To enable external use of the model, CanESM has been ported to compile with the GNU compiler, and suitable Docker and Singularity containers created. Tagged versions of the model should have been tested to function on Cedar. There is no guarantee for non-tagged versions. At the time of writing, the latest tagged version verfied on Cedar is v5.0.10.

Working with CanESM on Cedar requires working with singularity and interacting with the SLURM workload manager. For information on these software, interested readers are directored to the provided links, as as the Cedar specific and more general Compute Canada wiki.

We are going to use the space ~/project/$USER to store some persistent data, and we’ll put some important files in $HOME. You may changes this if you so desire (e.g. to ~/scratch, but note that this space is temporary and periodically deleted).

For setting up a model run, we are going to use the ~/scratch space, which is temporary space that can handle lots of data (note, data here will be deleted after 60 days or so).

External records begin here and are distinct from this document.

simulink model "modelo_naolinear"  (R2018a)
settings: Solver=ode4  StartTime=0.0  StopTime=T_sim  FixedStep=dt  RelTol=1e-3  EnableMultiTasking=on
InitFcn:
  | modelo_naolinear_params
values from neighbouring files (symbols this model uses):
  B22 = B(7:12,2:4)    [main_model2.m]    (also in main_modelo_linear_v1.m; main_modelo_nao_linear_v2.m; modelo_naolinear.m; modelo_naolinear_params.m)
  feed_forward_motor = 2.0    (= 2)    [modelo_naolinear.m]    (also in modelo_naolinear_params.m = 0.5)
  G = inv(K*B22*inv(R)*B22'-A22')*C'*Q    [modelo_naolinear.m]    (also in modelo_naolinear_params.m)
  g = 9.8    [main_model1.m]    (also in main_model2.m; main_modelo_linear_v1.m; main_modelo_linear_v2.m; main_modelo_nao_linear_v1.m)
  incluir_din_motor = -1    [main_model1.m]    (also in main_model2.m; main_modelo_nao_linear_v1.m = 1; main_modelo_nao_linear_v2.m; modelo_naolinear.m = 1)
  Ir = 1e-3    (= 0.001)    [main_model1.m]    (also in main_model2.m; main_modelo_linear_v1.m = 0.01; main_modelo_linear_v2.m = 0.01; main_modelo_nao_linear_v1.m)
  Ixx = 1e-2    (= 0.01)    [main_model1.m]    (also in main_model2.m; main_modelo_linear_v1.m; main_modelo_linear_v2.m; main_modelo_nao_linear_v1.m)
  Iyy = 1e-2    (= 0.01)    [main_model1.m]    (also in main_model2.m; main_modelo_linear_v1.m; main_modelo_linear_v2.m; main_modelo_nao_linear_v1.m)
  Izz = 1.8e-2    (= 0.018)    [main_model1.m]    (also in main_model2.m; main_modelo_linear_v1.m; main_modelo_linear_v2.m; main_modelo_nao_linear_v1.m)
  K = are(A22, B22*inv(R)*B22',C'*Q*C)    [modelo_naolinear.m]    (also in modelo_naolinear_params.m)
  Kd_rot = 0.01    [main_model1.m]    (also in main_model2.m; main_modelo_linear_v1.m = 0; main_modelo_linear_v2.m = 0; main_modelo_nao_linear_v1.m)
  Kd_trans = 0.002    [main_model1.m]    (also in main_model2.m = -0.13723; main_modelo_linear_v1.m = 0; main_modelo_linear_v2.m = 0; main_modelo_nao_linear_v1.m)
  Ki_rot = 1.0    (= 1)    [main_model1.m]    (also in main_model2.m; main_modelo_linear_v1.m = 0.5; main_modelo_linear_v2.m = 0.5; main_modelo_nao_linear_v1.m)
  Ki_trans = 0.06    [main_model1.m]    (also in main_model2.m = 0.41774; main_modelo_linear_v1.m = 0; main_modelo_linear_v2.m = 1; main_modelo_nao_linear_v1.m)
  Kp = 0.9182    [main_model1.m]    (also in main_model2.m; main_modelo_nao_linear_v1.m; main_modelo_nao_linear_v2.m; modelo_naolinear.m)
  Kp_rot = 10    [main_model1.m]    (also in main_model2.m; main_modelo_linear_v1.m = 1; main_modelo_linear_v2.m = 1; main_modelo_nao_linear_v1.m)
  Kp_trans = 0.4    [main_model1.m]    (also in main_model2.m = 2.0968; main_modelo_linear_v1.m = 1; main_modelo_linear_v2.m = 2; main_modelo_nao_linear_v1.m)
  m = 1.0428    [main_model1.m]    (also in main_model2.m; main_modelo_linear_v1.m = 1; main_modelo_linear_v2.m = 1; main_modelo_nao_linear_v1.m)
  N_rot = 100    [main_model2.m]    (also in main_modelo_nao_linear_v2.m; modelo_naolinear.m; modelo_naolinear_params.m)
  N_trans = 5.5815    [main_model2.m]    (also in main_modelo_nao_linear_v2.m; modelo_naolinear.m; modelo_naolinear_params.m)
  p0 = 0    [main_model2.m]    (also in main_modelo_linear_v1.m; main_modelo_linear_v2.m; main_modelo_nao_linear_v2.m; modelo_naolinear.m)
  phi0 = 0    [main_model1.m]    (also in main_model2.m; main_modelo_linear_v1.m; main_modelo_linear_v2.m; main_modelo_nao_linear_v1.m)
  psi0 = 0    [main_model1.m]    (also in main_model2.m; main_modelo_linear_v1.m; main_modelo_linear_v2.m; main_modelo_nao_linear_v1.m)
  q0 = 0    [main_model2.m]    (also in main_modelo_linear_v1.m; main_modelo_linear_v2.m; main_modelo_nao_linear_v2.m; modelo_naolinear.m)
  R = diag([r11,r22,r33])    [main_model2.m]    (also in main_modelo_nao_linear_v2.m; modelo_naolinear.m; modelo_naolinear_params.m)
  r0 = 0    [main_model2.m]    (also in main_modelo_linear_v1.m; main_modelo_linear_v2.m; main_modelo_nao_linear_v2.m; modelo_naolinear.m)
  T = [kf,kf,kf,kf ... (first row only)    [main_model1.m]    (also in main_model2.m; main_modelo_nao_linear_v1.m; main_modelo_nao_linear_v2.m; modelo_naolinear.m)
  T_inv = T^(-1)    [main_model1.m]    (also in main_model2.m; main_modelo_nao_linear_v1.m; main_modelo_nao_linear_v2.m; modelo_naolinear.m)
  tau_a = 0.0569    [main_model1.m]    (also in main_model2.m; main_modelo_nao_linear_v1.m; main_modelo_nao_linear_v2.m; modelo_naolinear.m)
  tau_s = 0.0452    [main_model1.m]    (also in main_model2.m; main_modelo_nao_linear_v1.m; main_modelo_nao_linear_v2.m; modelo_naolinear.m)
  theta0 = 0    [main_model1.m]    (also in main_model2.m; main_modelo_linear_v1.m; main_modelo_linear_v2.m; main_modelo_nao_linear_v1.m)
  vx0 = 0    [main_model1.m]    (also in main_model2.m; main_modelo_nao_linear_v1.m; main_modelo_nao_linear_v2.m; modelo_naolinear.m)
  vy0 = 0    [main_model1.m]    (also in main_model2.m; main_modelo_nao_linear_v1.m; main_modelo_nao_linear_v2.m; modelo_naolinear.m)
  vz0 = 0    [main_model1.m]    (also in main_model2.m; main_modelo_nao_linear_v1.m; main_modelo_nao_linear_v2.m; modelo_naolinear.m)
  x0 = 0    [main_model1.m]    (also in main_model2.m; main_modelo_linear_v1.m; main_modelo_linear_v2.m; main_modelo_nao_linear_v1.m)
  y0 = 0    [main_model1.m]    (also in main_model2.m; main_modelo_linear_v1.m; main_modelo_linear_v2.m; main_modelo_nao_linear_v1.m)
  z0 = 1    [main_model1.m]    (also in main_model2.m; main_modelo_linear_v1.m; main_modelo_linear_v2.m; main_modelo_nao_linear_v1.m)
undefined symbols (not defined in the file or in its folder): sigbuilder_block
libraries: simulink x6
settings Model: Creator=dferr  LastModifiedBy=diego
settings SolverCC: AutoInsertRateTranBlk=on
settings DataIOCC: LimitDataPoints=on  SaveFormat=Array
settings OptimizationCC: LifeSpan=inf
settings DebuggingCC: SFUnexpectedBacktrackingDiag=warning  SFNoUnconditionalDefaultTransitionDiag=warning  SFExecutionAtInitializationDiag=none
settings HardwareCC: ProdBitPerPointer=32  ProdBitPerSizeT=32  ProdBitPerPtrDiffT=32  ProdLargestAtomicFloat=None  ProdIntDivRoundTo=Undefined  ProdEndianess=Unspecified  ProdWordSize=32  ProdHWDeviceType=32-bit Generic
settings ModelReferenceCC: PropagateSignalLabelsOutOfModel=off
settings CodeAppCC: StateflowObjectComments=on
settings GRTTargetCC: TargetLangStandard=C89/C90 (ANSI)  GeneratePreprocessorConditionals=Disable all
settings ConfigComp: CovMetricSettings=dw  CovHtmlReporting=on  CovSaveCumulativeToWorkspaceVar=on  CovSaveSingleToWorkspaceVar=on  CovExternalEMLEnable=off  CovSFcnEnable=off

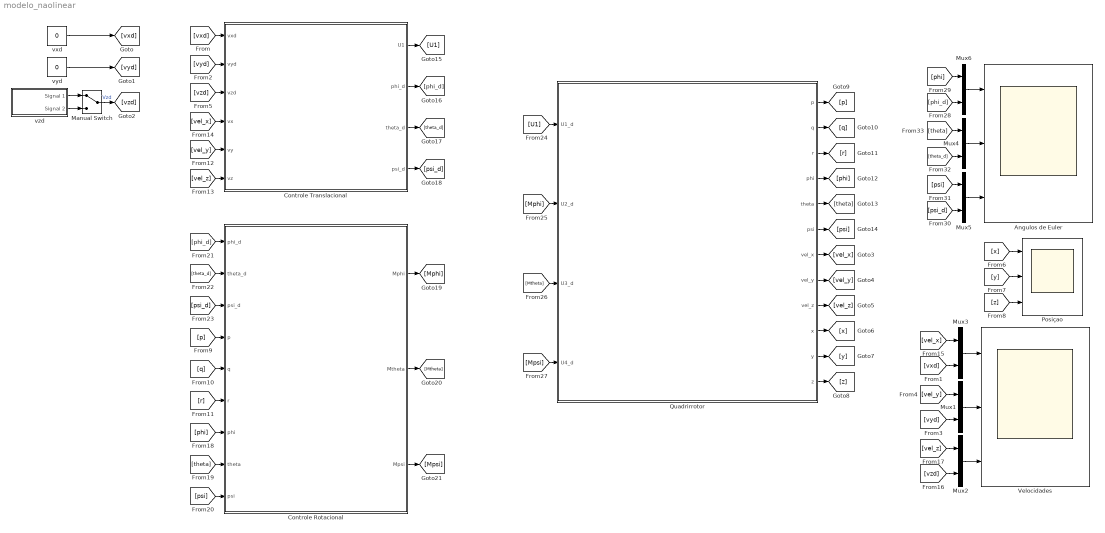
== system modelo_naolinear ==
  Angulos de Euler : Scope  NumInputPorts=3
  Controle Rotacional : Subsystem
      mask Display:
      | disp('Controle Rotacional')
      | port_label('input',1,'phi_d')
      | port_label('input',2,'theta_d')
      | port_label('input',3,'psi_d')
      | port_label('input',4,'p')
      | port_label('input',5,'q')
      | port_label('input',6,'r')
      | port_label('input',7,'phi')
      | port_label('input',8,'theta')
      | port_label('input',9,'psi')
      | port_label('output',1,'Mphi')
      | port_label('output',2,'Mtheta')
      | port_label('output',3,'Mpsi')
  Controle Translacional : Subsystem
      mask Display:
      | disp('Controle Translacional')
      | port_label('input',1,'vxd')
      | port_label('input',2,'vyd')
      | port_label('input',3,'vzd')
      | port_label('input',4,'vx')
      | port_label('input',5,'vy')
      | port_label('input',6,'vz')
      | port_label('output',1,'U1')
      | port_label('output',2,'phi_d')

For CanESM, we often use the concept of a RUNID as a unique identifier of an individual run. We normally create a dedicated directory to work in for each RUNID.

Note

Only a small number of model configurations are made available. There is no support whatsoever available for using CanESM. We do not certify that the code runs correctly. This is strictly an alpha testing project with no guarantees whatsoever.

Initial Setup (One Time)

Get the source code

Recursively clone the CanESM source code and checkout the desired version for the model, and its helper tools. We’ll put the source code in our home directory as it is small, we want to keep it permanently, and home has relatively fast access:

cd ~/
# clone the code and the desired submodules
git clone --recursive https://gitlab.com/cccma/canesm

Note

you might want to clone from git@gitlab.com:cccma/canesm.git instead. This will avoid having to enter your password on every push. It requires setting up SSH keys and entering your public SSH key into gitlab (see here).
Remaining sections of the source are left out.